# Headlight Bulb Not HID (recommendations)



## chastulsa (Jun 8, 2007)

Can someone recommend a nice replacement bulb, I dont care about HID right now. I have a 2.5S with SER front. I perfer a blue looking bulb but might do white instead. I appreciate any recommendations. Thanks and its my first post! LOL!


----------



## DariusD (Jun 27, 2007)

I also have a 2004 Nissan Altima 2.4S(that didn't come with HID). I switched to the aftermarket halogen bulbs, but I usually blow one bulb (low-beam) about every 2-3weeks. I'm trying to figure out whether it's better to switch back to the original (factory) bulbs or different halogen bulbs. Any suggestions?


----------



## SPEEDO (Jun 9, 2003)

I've had SilverStars in my car for about 4 years now with no problems...


----------



## DariusD (Jun 27, 2007)

Thanks Speedo.
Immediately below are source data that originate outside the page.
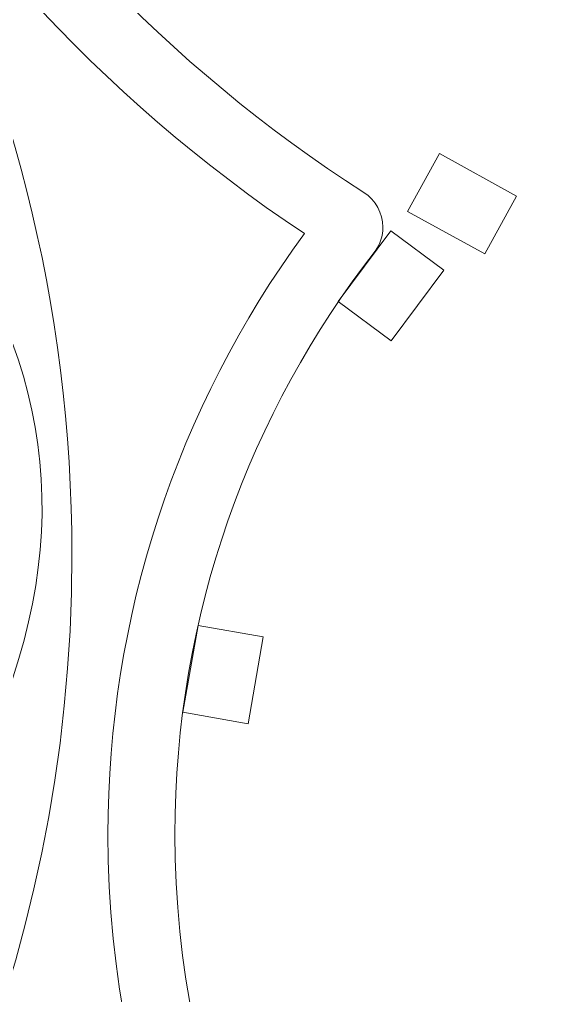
# Model space of a CAD drawing. Header units: centimetres. Extents: x -36.4 to 36.4, y -33.4 to 34.3.
# Drawn here: x 12.96 to 17.71, y 1.88 to 10.74 of the extents above; entities that cross this region are included whole.
import ezdxf

# ---------------------------------------------------------------- set-up
doc = ezdxf.new("R2010")
doc.units = ezdxf.units.CM
doc.header["$MEASUREMENT"] = 0
doc.layers.add('layer 1', color=7, linetype='Continuous')

msp = doc.modelspace()

# ---------------------------------------------------------------- linework, layer by layer
at = {"layer": 'layer 1', "color": 177, "lineweight": 9}
for points, knots in [([(-9.24042, 22.53492), (-9.23914, 20.46072), (-8.64488, 18.64274), (-7.45764, 17.08098), (-7.45764, 17.08098), (-11.1981, 14.58764), (-13.4544, 10.40518), (-13.4544, 5.88598), (-13.4544, 5.88598), (-13.4544, -1.54038), (-7.4338, -7.56104), (-0.00742, -7.56104), (-0.00742, -7.56104), (7.41894, -7.56104), (13.43956, -1.54038), (13.43956, 5.88598), (13.43956, 5.88598), (13.43956, 10.39498), (11.1933, 14.56952), (7.46752, 17.0645), (7.46752, 17.0645), (8.59354, 18.68308), (9.22558, 20.54346), (9.22558, 22.53492), (9.22558, 22.53492), (9.22558, 22.73688), (9.2184, 22.93712), (9.2056, 23.13584), (9.2056, 23.13584), (9.67388, 23.2238), (9.91058, 23.6167), (9.9156, 24.31468), (9.9156, 24.31468), (9.7958, 25.15364), (9.41894, 25.5017), (8.78498, 25.35898), (8.78498, 25.35898), (8.666, 25.72936), (8.52444, 26.08956), (8.36166, 26.43794), (8.36166, 26.43794), (7.4857, 28.52752), (5.90588, 30.0571), (3.62222, 31.02664), (3.62222, 31.02664), (3.59172, 31.03968), (3.56108, 31.05246), (3.5304, 31.0652), (3.5304, 31.0652), (3.5011, 31.07734), (3.47162, 31.0893), (3.4421, 31.10126), (3.4421, 31.10126), (3.41682, 31.11146), (3.39166, 31.12194), (3.36626, 31.13192), (3.36626, 31.13192), (3.01816, 31.27026), (2.6545, 31.39618), (2.27514, 31.50964), (2.27514, 31.50964), (3.58578, 33.8223), (-2.97528, 34.2585), (-2.02616, 31.58532), (-2.02616, 31.58532), (-2.27828, 31.51208), (-2.52372, 31.43348), (-2.76266, 31.34966), (-2.76266, 31.34966), (-3.7036, 31.0558), (-4.5799, 30.61548), (-5.36474, 30.05528), (-5.36474, 30.05528), (-6.54266, 29.24626), (-7.45388, 28.22298), (-8.09828, 26.9854), (-8.09828, 26.9854), (-8.2866, 26.64378), (-8.45436, 26.28922), (-8.5989, 25.92294), (-8.5989, 25.92294), (-9.28148, 25.86664), (-9.6063, 25.46046), (-9.57328, 24.70448), (-9.57328, 24.70448), (-9.60864, 24.16564), (-9.47788, 23.7913), (-9.18104, 23.58138), (-9.18104, 23.58138), (-9.2198, 23.23784), (-9.24042, 22.88882), (-9.24042, 22.53492)], [0, 0, 0, 0, 0.0416667, 0.0416667, 0.0416667, 0.0416667, 0.0833333, 0.0833333, 0.0833333, 0.0833333, 0.125, 0.125, 0.125, 0.125, 0.1666667, 0.1666667, 0.1666667, 0.1666667, 0.2083333, 0.2083333, 0.2083333, 0.2083333, 0.25, 0.25, 0.25, 0.25, 0.2916667, 0.2916667, 0.2916667, 0.2916667, 0.3333333, 0.3333333, 0.3333333, 0.3333333, 0.375, 0.375, 0.375, 0.375, 0.4166667, 0.4166667, 0.4166667, 0.4166667, 0.4583333, 0.4583333, 0.4583333, 0.4583333, 0.5, 0.5, 0.5, 0.5, 0.5416667, 0.5416667, 0.5416667, 0.5416667, 0.5833333, 0.5833333, 0.5833333, 0.5833333, 0.625, 0.625, 0.625, 0.625, 0.6666667, 0.6666667, 0.6666667, 0.6666667, 0.7083333, 0.7083333, 0.7083333, 0.7083333, 0.75, 0.75, 0.75, 0.75, 0.7916667, 0.7916667, 0.7916667, 0.7916667, 0.8333333, 0.8333333, 0.8333333, 0.8333333, 0.875, 0.875, 0.875, 0.875, 0.9166667, 0.9166667, 0.9166667, 0.9166667, 1, 1, 1, 1]), ([(22.99868, -5.8883), (28.09772, -5.8883), (32.23168, -1.75434), (32.23168, 3.3447), (32.23168, 3.3447), (32.23168, 5.33616), (31.59964, 7.19654), (30.47362, 8.81512), (30.47362, 8.81512), (34.1994, 11.3101), (36.44566, 15.48464), (36.44566, 19.99364), (36.44566, 19.99364), (36.44566, 27.42), (30.42504, 33.44066), (22.99868, 33.44066), (22.99868, 33.44066), (15.5723, 33.44066), (9.5517, 27.42), (9.5517, 19.99364), (9.5517, 19.99364), (9.5517, 15.47444), (11.808, 11.29198), (15.54846, 8.79864), (15.54846, 8.79864), (14.387, 7.21506), (13.76568, 5.31462), (13.76568, 3.3447), (13.76568, 3.3447), (13.76568, -1.75434), (17.89964, -5.8883), (22.99868, -5.8883)], [0, 0, 0, 0, 0.1111111, 0.1111111, 0.1111111, 0.1111111, 0.2222222, 0.2222222, 0.2222222, 0.2222222, 0.3333333, 0.3333333, 0.3333333, 0.3333333, 0.4444444, 0.4444444, 0.4444444, 0.4444444, 0.5555556, 0.5555556, 0.5555556, 0.5555556, 0.6666667, 0.6666667, 0.6666667, 0.6666667, 0.7777778, 0.7777778, 0.7777778, 0.7777778, 1, 1, 1, 1]), ([(17.47361, 9.14013), (17.47361, 9.14013), (16.7725, 9.52541), (16.7725, 9.52541), (16.7725, 9.52541), (16.7725, 9.52541), (16.48354, 8.99958), (16.48354, 8.99958), (16.48354, 8.99958), (16.48354, 8.99958), (17.18465, 8.6143), (17.18465, 8.6143), (17.18465, 8.6143), (17.18465, 8.6143), (17.47361, 9.14013), (17.47361, 9.14013)], [0, 0, 0, 0, 0.2, 0.2, 0.2, 0.2, 0.4, 0.4, 0.4, 0.4, 0.6, 0.6, 0.6, 0.6, 1, 1, 1, 1]), ([(16.33216, 8.82522), (16.33216, 8.82522), (15.85402, 8.18383), (15.85402, 8.18383), (15.85402, 8.18383), (15.85402, 8.18383), (16.33506, 7.82522), (16.33506, 7.82522), (16.33506, 7.82522), (16.33506, 7.82522), (16.81321, 8.46661), (16.81321, 8.46661), (16.81321, 8.46661), (16.81321, 8.46661), (16.33216, 8.82522), (16.33216, 8.82522)], [0, 0, 0, 0, 0.2, 0.2, 0.2, 0.2, 0.4, 0.4, 0.4, 0.4, 0.6, 0.6, 0.6, 0.6, 1, 1, 1, 1]), ([(14.58457, 5.24107), (14.58457, 5.24107), (14.44613, 4.45314), (14.44613, 4.45314), (14.44613, 4.45314), (14.44613, 4.45314), (15.03707, 4.34931), (15.03707, 4.34931), (15.03707, 4.34931), (15.03707, 4.34931), (15.17551, 5.13724), (15.17551, 5.13724), (15.17551, 5.13724), (15.17551, 5.13724), (14.58457, 5.24107), (14.58457, 5.24107)], [0, 0, 0, 0, 0.2, 0.2, 0.2, 0.2, 0.4, 0.4, 0.4, 0.4, 0.6, 0.6, 0.6, 0.6, 1, 1, 1, 1])]:
    msp.add_open_spline(points, degree=3, knots=knots, dxfattribs=at)
at = {"layer": 'layer 1', "color": 250, "lineweight": 9}
msp.add_open_spline([(29.80742, 8.63908), (29.7619, 8.70268), (29.73744, 8.77894), (29.73744, 8.85716), (29.73744, 8.85716), (29.73744, 8.98458), (29.80216, 9.1033), (29.90832, 9.17174), (29.90832, 9.17174), (33.47332, 11.45218), (35.83766, 15.44652), (35.83766, 19.99366), (35.83766, 19.99366), (35.83766, 27.08444), (30.08946, 32.83264), (22.99868, 32.83264), (22.99868, 32.83264), (15.9079, 32.83264), (10.1597, 27.08444), (10.1597, 19.99366), (10.1597, 19.99366), (10.1597, 15.4473), (12.52324, 11.45356), (16.0881, 9.17232), (16.0881, 9.17232), (16.19516, 9.1033), (16.25986, 8.98458), (16.25986, 8.85716), (16.25986, 8.85716), (16.25986, 8.77894), (16.2354, 8.70268), (16.1899, 8.63904), (16.1899, 8.63904), (15.05182, 7.17766), (14.37368, 5.34046), (14.37368, 3.3447), (14.37368, 3.3447), (14.37368, -1.41876), (18.23522, -5.2803), (22.99868, -5.2803), (22.99868, -5.2803), (27.76214, -5.2803), (31.62368, -1.41876), (31.62368, 3.3447), (31.62368, 3.3447), (31.62368, 5.34048), (30.94552, 7.1777), (29.80742, 8.63908)], degree=3, knots=[0, 0, 0, 0, 0.0769231, 0.0769231, 0.0769231, 0.0769231, 0.1538462, 0.1538462, 0.1538462, 0.1538462, 0.2307692, 0.2307692, 0.2307692, 0.2307692, 0.3076923, 0.3076923, 0.3076923, 0.3076923, 0.3846154, 0.3846154, 0.3846154, 0.3846154, 0.4615385, 0.4615385, 0.4615385, 0.4615385, 0.5384615, 0.5384615, 0.5384615, 0.5384615, 0.6153846, 0.6153846, 0.6153846, 0.6153846, 0.6923077, 0.6923077, 0.6923077, 0.6923077, 0.7692308, 0.7692308, 0.7692308, 0.7692308, 0.8461538, 0.8461538, 0.8461538, 0.8461538, 1, 1, 1, 1], dxfattribs=at)
at = {"layer": 'layer 1', "lineweight": 9}
msp.add_open_spline([(12.03378, 9.28461), (13.2704, 7.75845), (13.49649, 6.08561), (12.71207, 4.26606), (12.71207, 4.26606), (12.121, 3.27156), (11.37045, 2.84715), (10.46042, 2.99283)], degree=3, knots=[0, 0, 0, 0, 0.3333333, 0.3333333, 0.3333333, 0.3333333, 1, 1, 1, 1], dxfattribs=at)

doc.saveas('drawing.dxf')

When I switch them out next time I'll try the Silver Stars and see how they work.


----------



## altimajason (Mar 8, 2007)

i had the silverstars in my 03 and i blew one ever couple weeks. finally someone told me about nighthawks. these bulbs, although hard to find are the best. a very bright ultra white with just a tint of blue.


----------



## WATSON1 (Jul 9, 2005)

Possibly need to change the wiring harness, seen that fix the problem before. Different bulbs have different specs...


----------